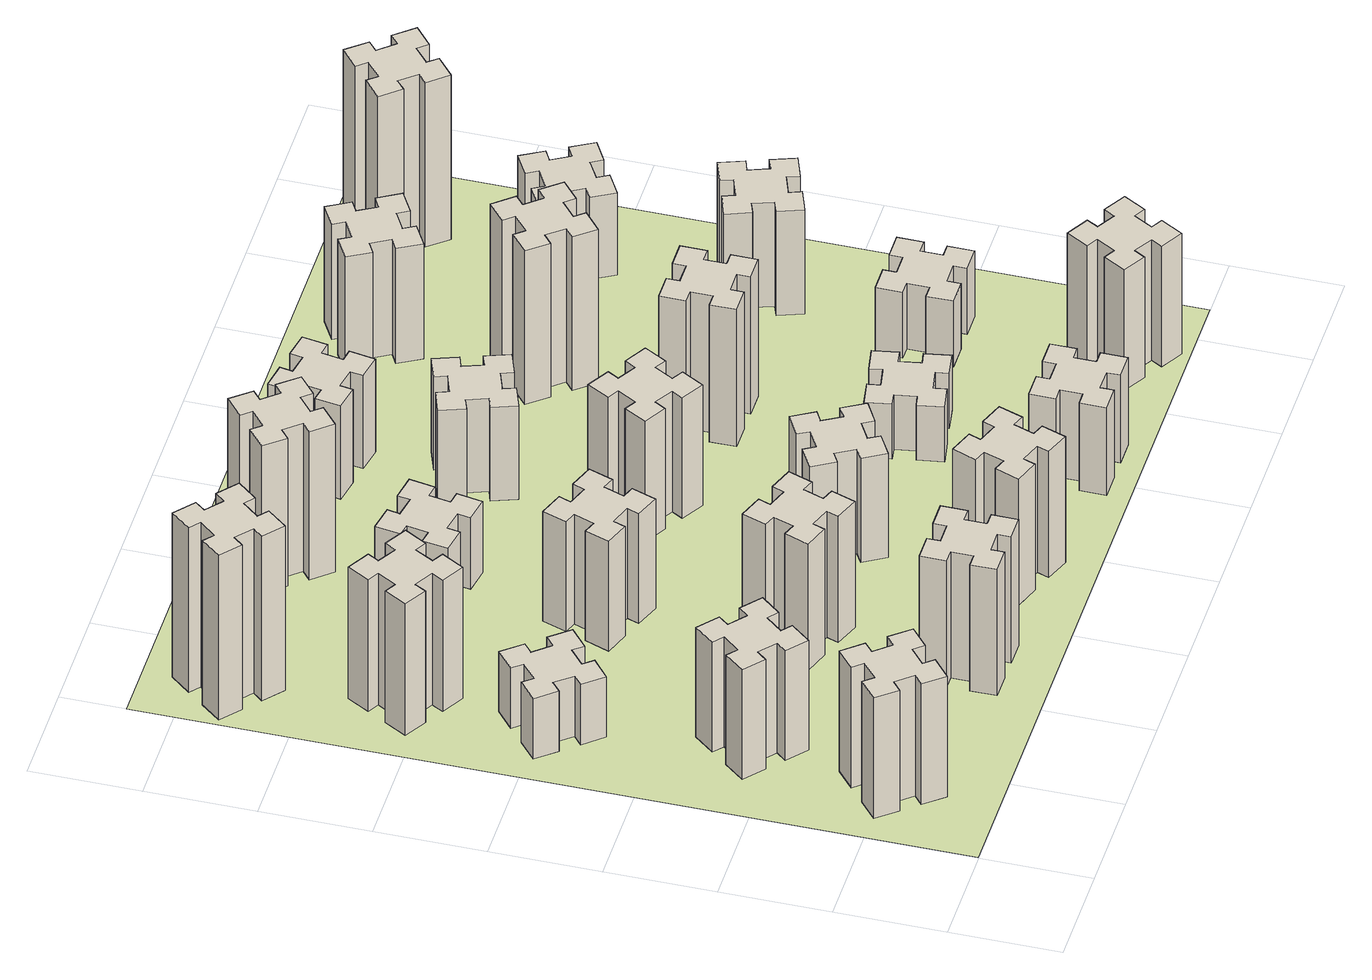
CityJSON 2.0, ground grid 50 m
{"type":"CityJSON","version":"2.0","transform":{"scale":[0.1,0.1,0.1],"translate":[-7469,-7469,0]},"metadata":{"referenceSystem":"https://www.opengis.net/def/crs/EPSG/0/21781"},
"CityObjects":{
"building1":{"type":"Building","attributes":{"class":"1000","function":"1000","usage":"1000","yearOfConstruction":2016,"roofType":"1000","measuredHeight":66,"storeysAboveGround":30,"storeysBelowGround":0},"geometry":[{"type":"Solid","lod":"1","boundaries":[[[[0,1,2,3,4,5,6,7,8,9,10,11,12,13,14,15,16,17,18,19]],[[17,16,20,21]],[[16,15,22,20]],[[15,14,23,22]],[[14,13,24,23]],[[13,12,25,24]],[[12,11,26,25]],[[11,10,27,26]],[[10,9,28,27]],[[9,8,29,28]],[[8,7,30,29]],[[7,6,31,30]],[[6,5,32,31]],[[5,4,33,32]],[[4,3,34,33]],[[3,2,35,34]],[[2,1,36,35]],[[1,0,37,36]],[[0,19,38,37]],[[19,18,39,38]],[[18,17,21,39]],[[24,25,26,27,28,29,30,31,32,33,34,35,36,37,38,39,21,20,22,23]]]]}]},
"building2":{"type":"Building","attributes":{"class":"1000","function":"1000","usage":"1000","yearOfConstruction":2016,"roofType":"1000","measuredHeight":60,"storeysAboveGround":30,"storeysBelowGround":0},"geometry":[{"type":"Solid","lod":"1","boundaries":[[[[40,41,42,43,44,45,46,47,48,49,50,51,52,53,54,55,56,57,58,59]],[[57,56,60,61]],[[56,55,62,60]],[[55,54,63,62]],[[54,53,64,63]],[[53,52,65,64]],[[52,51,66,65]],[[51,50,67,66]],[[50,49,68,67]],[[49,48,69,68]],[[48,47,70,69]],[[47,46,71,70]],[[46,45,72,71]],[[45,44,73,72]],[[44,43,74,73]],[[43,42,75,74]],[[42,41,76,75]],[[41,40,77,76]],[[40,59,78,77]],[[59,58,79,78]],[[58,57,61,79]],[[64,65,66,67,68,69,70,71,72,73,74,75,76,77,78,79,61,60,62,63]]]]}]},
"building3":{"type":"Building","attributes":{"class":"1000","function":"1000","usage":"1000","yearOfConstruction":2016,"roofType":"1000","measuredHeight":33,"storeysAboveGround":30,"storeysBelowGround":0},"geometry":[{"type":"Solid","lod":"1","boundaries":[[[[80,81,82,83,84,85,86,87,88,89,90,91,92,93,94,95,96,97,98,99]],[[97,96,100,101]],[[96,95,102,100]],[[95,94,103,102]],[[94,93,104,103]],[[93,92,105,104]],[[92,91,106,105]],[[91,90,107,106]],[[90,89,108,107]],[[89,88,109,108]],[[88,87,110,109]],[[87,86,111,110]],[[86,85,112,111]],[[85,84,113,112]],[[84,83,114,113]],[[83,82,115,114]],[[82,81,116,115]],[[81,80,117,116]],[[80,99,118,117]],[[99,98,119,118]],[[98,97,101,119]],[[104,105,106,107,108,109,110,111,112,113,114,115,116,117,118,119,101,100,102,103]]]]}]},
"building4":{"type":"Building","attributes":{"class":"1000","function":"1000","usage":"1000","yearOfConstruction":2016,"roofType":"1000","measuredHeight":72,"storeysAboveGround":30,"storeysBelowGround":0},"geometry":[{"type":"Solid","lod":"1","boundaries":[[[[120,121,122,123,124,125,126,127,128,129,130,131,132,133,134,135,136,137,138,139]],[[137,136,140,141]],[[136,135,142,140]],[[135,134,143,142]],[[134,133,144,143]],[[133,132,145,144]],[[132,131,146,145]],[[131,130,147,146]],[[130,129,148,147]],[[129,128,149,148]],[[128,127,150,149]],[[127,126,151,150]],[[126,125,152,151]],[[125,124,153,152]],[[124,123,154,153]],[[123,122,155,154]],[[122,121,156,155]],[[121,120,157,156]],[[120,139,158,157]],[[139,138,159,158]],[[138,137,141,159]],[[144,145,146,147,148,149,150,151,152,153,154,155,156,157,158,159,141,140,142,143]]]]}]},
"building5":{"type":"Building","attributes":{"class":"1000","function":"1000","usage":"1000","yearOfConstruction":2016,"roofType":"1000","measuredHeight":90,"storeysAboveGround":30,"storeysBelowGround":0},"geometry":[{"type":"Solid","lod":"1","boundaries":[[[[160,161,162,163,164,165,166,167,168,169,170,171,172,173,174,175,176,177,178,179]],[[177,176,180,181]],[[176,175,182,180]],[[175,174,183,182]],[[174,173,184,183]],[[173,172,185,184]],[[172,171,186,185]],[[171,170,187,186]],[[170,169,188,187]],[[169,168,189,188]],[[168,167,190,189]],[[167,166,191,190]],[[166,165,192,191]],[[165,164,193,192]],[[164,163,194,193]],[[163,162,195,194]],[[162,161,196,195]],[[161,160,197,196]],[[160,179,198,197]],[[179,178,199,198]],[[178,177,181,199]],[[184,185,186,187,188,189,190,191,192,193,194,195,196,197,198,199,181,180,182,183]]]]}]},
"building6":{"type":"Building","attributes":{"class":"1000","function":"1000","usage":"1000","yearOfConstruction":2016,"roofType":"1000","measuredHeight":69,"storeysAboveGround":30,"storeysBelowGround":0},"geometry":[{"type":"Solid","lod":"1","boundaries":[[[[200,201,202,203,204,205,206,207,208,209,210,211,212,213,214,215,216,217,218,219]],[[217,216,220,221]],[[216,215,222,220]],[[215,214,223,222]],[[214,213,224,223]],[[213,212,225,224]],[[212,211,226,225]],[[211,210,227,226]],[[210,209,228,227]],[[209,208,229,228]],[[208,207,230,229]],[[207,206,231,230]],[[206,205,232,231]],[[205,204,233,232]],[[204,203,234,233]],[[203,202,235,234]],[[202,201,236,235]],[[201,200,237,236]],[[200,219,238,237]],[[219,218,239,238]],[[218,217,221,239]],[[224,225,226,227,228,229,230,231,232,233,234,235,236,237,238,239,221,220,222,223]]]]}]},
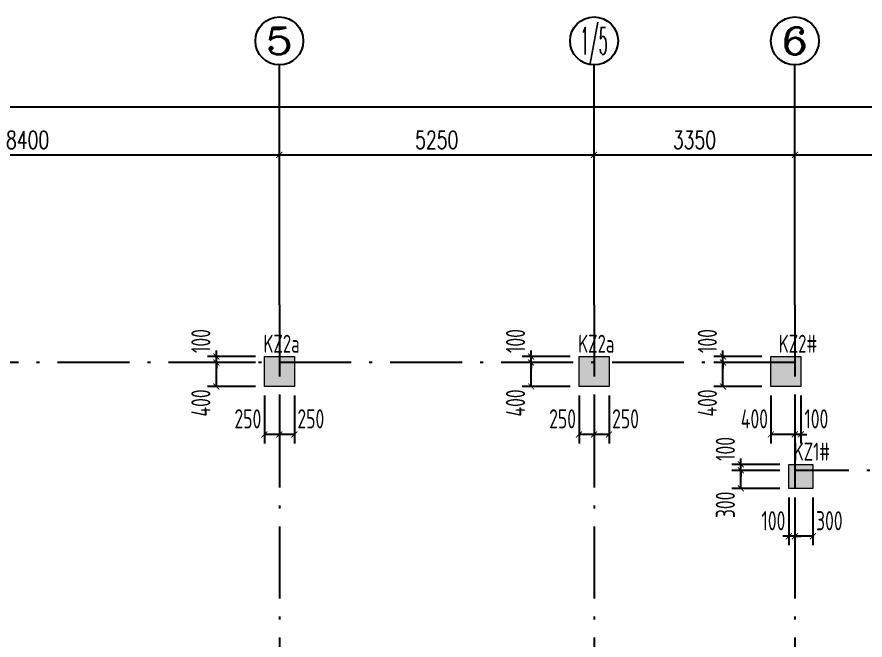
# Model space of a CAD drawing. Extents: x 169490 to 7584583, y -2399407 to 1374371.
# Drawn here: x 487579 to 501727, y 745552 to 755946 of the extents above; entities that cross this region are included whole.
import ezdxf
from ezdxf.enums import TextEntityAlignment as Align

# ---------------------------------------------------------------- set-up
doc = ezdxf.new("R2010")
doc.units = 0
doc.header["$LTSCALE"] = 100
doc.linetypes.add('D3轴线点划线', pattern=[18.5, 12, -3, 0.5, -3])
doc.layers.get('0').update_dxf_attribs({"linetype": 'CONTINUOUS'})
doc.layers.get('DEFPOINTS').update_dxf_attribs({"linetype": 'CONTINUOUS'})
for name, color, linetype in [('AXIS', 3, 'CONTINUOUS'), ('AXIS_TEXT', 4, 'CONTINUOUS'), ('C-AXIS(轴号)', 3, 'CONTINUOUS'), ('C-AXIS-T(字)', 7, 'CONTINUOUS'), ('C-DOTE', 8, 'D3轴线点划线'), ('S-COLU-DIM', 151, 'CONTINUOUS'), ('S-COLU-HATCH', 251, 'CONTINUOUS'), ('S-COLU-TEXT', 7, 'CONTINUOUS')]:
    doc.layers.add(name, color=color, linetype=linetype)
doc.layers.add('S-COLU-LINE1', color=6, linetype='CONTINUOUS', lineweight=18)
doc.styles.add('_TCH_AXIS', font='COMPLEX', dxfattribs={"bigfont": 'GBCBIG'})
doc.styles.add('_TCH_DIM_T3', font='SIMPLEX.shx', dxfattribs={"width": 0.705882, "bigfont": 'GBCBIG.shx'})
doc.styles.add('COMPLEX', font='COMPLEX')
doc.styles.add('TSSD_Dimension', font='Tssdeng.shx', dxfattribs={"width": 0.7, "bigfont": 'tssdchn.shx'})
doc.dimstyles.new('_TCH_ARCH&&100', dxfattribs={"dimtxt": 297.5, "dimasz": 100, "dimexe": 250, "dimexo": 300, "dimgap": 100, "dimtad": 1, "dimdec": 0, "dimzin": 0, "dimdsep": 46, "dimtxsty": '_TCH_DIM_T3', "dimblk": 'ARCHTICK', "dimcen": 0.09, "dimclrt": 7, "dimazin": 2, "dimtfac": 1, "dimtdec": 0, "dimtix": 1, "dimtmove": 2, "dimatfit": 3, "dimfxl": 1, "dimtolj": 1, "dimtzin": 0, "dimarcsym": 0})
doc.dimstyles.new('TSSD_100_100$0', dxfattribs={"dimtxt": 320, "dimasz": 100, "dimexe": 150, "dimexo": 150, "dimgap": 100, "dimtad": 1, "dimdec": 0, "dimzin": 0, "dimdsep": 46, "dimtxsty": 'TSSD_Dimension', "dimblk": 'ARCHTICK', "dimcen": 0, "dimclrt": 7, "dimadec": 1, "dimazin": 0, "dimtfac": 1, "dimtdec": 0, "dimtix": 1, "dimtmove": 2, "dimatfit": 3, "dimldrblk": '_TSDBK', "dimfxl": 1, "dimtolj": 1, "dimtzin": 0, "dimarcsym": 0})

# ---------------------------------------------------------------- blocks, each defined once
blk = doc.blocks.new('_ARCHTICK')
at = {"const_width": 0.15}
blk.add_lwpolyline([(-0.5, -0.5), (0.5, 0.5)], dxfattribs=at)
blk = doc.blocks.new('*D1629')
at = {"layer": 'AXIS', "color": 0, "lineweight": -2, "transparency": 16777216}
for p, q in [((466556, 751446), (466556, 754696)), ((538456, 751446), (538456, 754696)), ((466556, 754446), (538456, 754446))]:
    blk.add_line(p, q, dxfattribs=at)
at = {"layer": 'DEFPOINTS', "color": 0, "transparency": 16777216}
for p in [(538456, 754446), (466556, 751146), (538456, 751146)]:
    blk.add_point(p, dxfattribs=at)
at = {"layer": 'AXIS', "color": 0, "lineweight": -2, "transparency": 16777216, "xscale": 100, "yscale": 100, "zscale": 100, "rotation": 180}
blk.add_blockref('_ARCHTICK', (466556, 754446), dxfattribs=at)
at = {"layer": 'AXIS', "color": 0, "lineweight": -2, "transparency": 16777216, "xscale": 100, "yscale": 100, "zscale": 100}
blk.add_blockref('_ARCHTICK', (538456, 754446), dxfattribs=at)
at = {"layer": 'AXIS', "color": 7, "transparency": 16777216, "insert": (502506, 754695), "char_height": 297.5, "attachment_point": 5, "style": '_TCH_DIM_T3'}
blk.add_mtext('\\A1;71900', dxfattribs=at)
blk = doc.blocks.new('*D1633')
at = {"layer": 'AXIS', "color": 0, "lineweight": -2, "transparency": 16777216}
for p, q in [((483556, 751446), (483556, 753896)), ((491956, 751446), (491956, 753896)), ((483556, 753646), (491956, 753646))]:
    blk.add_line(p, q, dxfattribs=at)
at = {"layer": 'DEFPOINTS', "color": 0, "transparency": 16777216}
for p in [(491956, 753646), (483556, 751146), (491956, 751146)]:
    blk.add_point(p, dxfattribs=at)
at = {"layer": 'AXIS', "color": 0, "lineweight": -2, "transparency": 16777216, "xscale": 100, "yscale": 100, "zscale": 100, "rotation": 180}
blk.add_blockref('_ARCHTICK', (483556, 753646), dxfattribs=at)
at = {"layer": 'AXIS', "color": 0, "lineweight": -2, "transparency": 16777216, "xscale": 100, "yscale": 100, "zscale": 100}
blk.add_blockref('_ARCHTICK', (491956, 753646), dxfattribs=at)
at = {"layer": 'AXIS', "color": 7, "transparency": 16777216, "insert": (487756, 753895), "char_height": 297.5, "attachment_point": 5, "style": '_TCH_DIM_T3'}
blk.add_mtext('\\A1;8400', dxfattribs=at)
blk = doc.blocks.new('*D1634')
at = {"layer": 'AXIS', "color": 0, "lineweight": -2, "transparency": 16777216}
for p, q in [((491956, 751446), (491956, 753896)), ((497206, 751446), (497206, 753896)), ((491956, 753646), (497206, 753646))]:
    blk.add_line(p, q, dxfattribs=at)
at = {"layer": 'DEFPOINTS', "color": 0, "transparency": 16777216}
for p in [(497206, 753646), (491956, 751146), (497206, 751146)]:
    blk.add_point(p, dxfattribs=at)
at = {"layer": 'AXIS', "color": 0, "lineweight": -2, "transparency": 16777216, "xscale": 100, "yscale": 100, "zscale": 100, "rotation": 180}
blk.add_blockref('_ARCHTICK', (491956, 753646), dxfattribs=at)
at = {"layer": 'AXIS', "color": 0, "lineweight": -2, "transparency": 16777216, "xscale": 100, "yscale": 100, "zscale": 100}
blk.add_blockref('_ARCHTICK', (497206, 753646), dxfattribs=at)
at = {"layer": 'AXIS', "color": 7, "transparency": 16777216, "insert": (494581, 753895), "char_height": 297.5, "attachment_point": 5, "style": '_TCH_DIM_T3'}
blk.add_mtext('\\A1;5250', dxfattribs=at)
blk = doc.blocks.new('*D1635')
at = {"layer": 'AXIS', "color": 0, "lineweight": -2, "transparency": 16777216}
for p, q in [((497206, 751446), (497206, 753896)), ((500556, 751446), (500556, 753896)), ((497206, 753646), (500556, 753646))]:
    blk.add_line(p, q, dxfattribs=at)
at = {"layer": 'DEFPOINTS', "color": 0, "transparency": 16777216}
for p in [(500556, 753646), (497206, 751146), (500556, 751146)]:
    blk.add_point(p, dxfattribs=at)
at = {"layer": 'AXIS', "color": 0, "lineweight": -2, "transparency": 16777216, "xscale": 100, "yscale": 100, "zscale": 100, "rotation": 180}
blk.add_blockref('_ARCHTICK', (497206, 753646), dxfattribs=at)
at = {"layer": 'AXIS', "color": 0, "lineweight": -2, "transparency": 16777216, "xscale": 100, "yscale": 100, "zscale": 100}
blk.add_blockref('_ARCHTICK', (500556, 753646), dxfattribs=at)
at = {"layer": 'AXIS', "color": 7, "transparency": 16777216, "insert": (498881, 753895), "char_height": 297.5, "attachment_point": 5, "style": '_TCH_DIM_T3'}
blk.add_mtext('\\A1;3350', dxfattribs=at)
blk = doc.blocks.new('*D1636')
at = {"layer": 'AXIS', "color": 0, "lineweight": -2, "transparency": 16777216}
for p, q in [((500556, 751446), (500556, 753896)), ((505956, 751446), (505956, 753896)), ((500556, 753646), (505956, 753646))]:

EXERCISE AIM:
Nothing but a number is expected here: say how many lines in the material hold "dimtfac".

RESPONSE AREA:
2